* [EXCERPTED RECORDS]
|---|
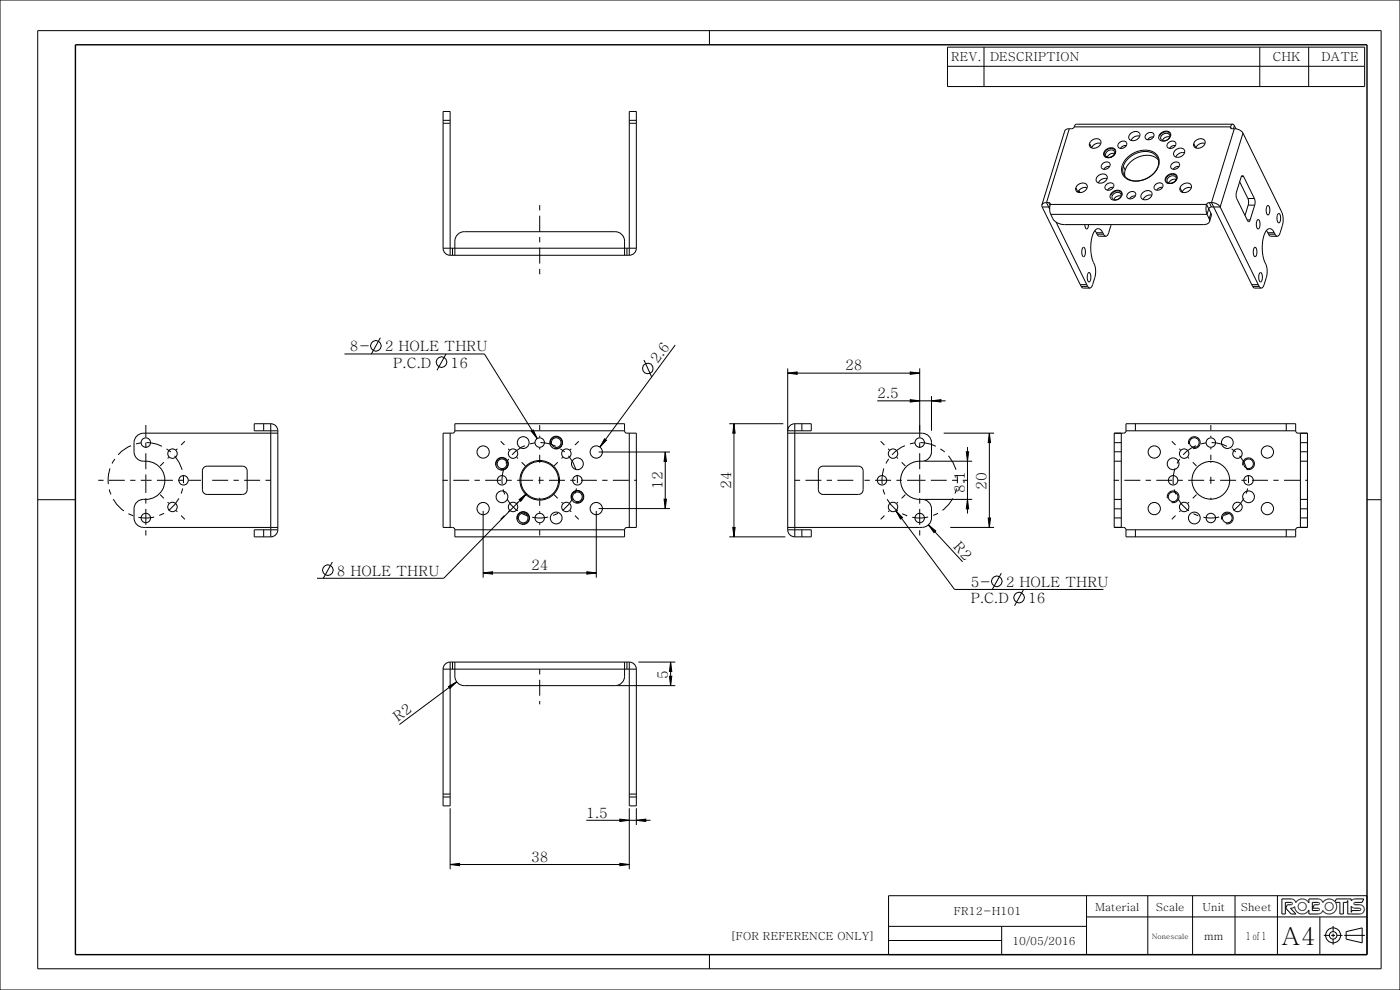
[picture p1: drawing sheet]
<svg xmlns="http://www.w3.org/2000/svg" width="297mm" height="210mm" viewBox="0 0 297 210" stroke-linecap="round" stroke-linejoin="round" font-family="sans-serif">
<g fill="#000">
<path d="M167.1 79.2l2-.3v.5zM193.1 78.9l2 .3-2 .2zM112.7 91.5l.4-.3 .9 1.8zM128.3 93.1l.4 .3-1.4 1.4zM141.1 95.9l.3 2h-.5zM155.7 89.9l.3 2h-.5zM193.1 84.8l2 .2-2 .3zM197.6 85l2-.2v.5zM205 95.8h.5l-.3 2zM209.9 91.9l.2 2h-.5zM110.1 106l1.6-1.3-1.2 1.6zM140.9 105.9h.5l-.3 2z"/>
<path d="M155.5 111.9h.5l-.3 2zM190 108.3l1.4 1.5-.4 .3zM197 111.3l1.5 1.3-.4 .4zM205.2 105.9l.3 2h-.5zM209.6 109.9h.5l-.2 2zM102.5 121.5l2-.2v.5zM124.5 121.3l2 .2-2 .3zM95.1 145.6l1.8-1-1.5 1.4zM142 143.4h.5l-.2 2zM142.3 140.4l.2 2h-.5zM131.5 173.8l2 .2-2 .3zM135 174l2-.2v.5z"/>
<path d="M95.5 183.4l2-.3v.5zM131.5 183.1l2 .3-2 .2z"/>
</g>
<g fill="none" stroke="#000" stroke-width=".21">
<path d="M0 0h297v210h-297zM8 6.5h285v199h-285zM150.5 6.5v3M201 10h88.5v8.4h-88.5zM201 14.1h88.5M208.8 10v8.4M267.3 10v8.4M277.6 10v8.4M234.7 31.9l.6-.3 .7-.1 .6 .4v.6l-.6 .7-1.1 .2-.5-.2-.1-.4v-.5zM246 28.9l.5-.7 .9-.2 .7 .2 .2 .7M247.7 37.4l.6-.4h.7l.5 .2 .1 .7-.2 .4-.5 .5-.9 .1-.5-.3-.2-.3 .1-.4zM235.6 41.5l.6-.7 .9-.3 .7 .3 .2 .7"/>
<path d="M73.1 75.1h29.7l11.2 17.9M80.7 71.6l-1.9 3.5M94.6 75.1l-1.9 3.4M136.6 76.4l1.7 3.6M143.2 73.2l-15.9 21.6M167.1 79.2l2-.3v.5zM167.1 78.2v13.2M167.1 79.2h28M193.1 78.9l2 .3-2 .2zM195.1 78.2v13.2M105.3 98.7a1.25 1.25 0 0 1 1.1-1.6 1.25 1.25 0 0 1 1.3 1.4 1.25 1.25 0 0 1-1.5 1.1M112.7 91.5l.4-.3 .9 1.8z"/>
<path d="M116.8 94.2a1.25 1.25 0 0 1 1.1-1.6 1.25 1.25 0 0 1 1.3 1.4 1.25 1.25 0 0 1-1.5 1.1M127 95.9h15.1M128.3 93.1l.4 .3-1.4 1.4zM141.1 95.9l.3 2h-.5zM141.1 95.9v12M154.7 89.9h11.5M155.7 89.9l.3 2h-.5zM155.7 89.9v24M186.1 85h14.5M193.1 84.8l2 .2-2 .3zM196.1 97.8h10.1M197.6 85l2-.2v.5z"/>
<path d="M197.6 84v7.4M200.2 91.9h10.7M205 95.8h.5l-.3 2zM205.2 94.8v14.1M209.9 91.9l.2 2h-.5zM209.9 91.9v20M252.2 94.2a1.25 1.25 0 0 1 1.1-1.6 1.25 1.25 0 0 1 1.3 1.4 1.25 1.25 0 0 1-1.6 1.1M263.7 98.7a1.25 1.25 0 0 1 1.1-1.6 1.25 1.25 0 0 1 1.3 1.4 1.25 1.25 0 0 1-1.6 1.1M8 106h8M70.5 119.2l-1.9 3.5M102.5 108.4v14.1M109.8 110.2a1.25 1.25 0 0 1 1.1-1.6 1.25 1.25 0 0 1 1.3 1.4 1.25 1.25 0 0 1-1.5 1.1"/>
<path d="M110.1 106l1.6-1.3-1.2 1.6zM111.7 104.7l-17.6 18h-26.8M121.3 105.7a1.25 1.25 0 0 1 1.1-1.6 1.25 1.25 0 0 1 1.3 1.4 1.25 1.25 0 0 1-1.5 1.1M126.5 108.4v14.1M127 107.9h15.1M140.9 105.9h.5l-.3 2zM154.7 113.9h11.9M155.5 111.9h.5l-.3 2zM190 108.3l1.4 1.5-.4 .3zM190 108.3l12.5 16.7h31.6M196.1 105.9h10.1M197 111.3l1.5 1.3-.4 .4z"/>
<path d="M197 111.3l7.2 7.9M201.6 111.9h9.3M205.2 105.9l.3 2h-.5zM209.6 109.9h.5l-.2 2zM247.7 105.7a1.25 1.25 0 0 1 1.1-1.6 1.25 1.25 0 0 1 1.3 1.4 1.25 1.25 0 0 1-1.6 1.1M259.2 110.2a1.25 1.25 0 0 1 1.1-1.6 1.25 1.25 0 0 1 1.3 1.4 1.25 1.25 0 0 1-1.6 1.1M290 106h3M102.5 121.5l2-.2v.5zM102.5 121.5h24M124.5 121.3l2 .2-2 .3zM212.4 121.6l-1.9 3.4M217.1 125l-1.9 3.5"/>
<path d="M95.1 145.6l1.8-1-1.5 1.4zM96.9 144.6l-12.2 9.1M131 145.4h12.3M135.4 140.4h7.9M142 143.4h.5l-.2 2zM142.3 140.4l.2 2h-.5zM142.3 140.4v5M95.5 171.4v13M124.4 174h13.6M131.5 173.8l2 .2-2 .3zM133.5 171.4v13M135 174l2-.2v.5z"/>
<path d="M135 171.4v3.6M95.5 183.4l2-.3v.5zM95.5 183.4h38M131.5 183.1l2 .3-2 .2zM188.5 190h101.5v12.5h-101.5zM188.5 199.5h24M188.5 196.5h42M212.5 196.5v6M230.5 194.5h59.5M230.5 190v12.5M243.5 190v12.5M253 190v12.5"/>
<path d="M262 190v12.5M271 190v12.5M273.9 191.4h.1M274 191.4h.1M274 191.9h-.1M274 191.9h.1M274 191.4l.1 .1M274.1 191.5l.1 .1M274.1 191.8v.1M274.2 191.8h-.1M274.2 191.6v.1M274.2 191.7v.1"/>
<path d="M275.4 192.3h.1M275.4 192.3v.1M275.4 192.2v.1M275.4 192.4h.1M275.4 192.1v.1M275.4 192.4l.1 .2M275.5 192l-.1 .1M275.5 192.6h.1M275.5 191.9v.1M275.5 192.6v.1M275.5 191.9h.1M275.5 192.7h.1"/>
<path d="M275.5 192.7l.1 .2M275.6 192.9h.1M275.6 192.9l.2 .1M275.8 191.5l-.3 .4M275.8 193l.1 .1M275.9 191.5h-.1M275.9 193.1h.1M276 191.5h-.1M276 193.1h.1M276 191.4v.1M276.1 191.4h-.1M276.1 193.1h.1"/>
<path d="M276.1 191.4h.1M276.1 193.1h.2M276.3 191.4h-.2M276.3 191.4h.1M276.3 193.1h.1M276.4 191.4h.1M276.5 191.4l.1 .1M276.6 193.1h-.3M276.6 191.5h.1M276.6 193.1h.1M276.7 193l-.1 .1M276.7 191.5h.1"/>
<path d="M276.7 193h.1M276.7 191.5l.4 .5M277 192.8l-.3 .2M277 192.8h.1M277.1 192.6l-.1 .2M277.1 192h.1M277.1 192.6h.1M277.1 192v.1M277.1 192.4v.2M277.1 192.1v.1M277.1 192.4h.1M277.1 192.2v.1"/>
<path d="M277.1 192.3v.1M277.1 192.3h.1M279.7 191.4h-1.3v1.7h1.3M279.7 191.9h-.9l-.3 .7h1.2M279.7 192.6h.1M279.7 191.4h.1M279.7 193.1h.1M279.7 192.6v.1M279.7 191.9h.1M279.7 192.7h.1M279.8 193.1h-.1M279.8 191.4h.1"/>
<path d="M279.8 193.1h.1M279.8 191.9h.1M279.8 192.7h.1M279.8 191.4v.1M279.8 191.5h.1M279.9 192.7v.1M279.9 191.5h.1M279.9 191.8l-.1 .1M279.9 193.1h-.1M279.9 192.8h.1M279.9 191.8h.1M279.9 191.5v.1"/>
<path d="M279.9 193h.1M279.9 191.6h.1M279.9 191.7v.1M279.9 192.8v.1M279.9 191.7h.1M279.9 192.9h.1M279.9 191.6v.1M280 194.5v8M280.8 198.4h1.2M281.1 192.3h.1M281.1 192.3v.1M281.1 192.2v.1"/>
<path d="M281.1 192.2h.1M281.1 192.4v.1M281.1 192.5l.2 .4M281.1 192.1v.1M281.1 192v.1M281.2 191.9l-.1 .1M281.2 191.9h.1M281.2 191.8v.1M281.3 191.8h-.1M281.3 192.9h.1M281.4 192.9v.1M281.4 191.7l-.1 .1"/>
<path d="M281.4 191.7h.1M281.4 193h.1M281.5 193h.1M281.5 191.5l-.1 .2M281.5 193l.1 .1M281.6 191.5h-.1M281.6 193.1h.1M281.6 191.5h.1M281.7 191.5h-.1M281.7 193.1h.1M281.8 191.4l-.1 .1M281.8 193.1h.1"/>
|---|
* [WHAT TO DO]
How many lines of the listing above contain the string "width"? Answer with the number alone.

* [RESPONSE]
2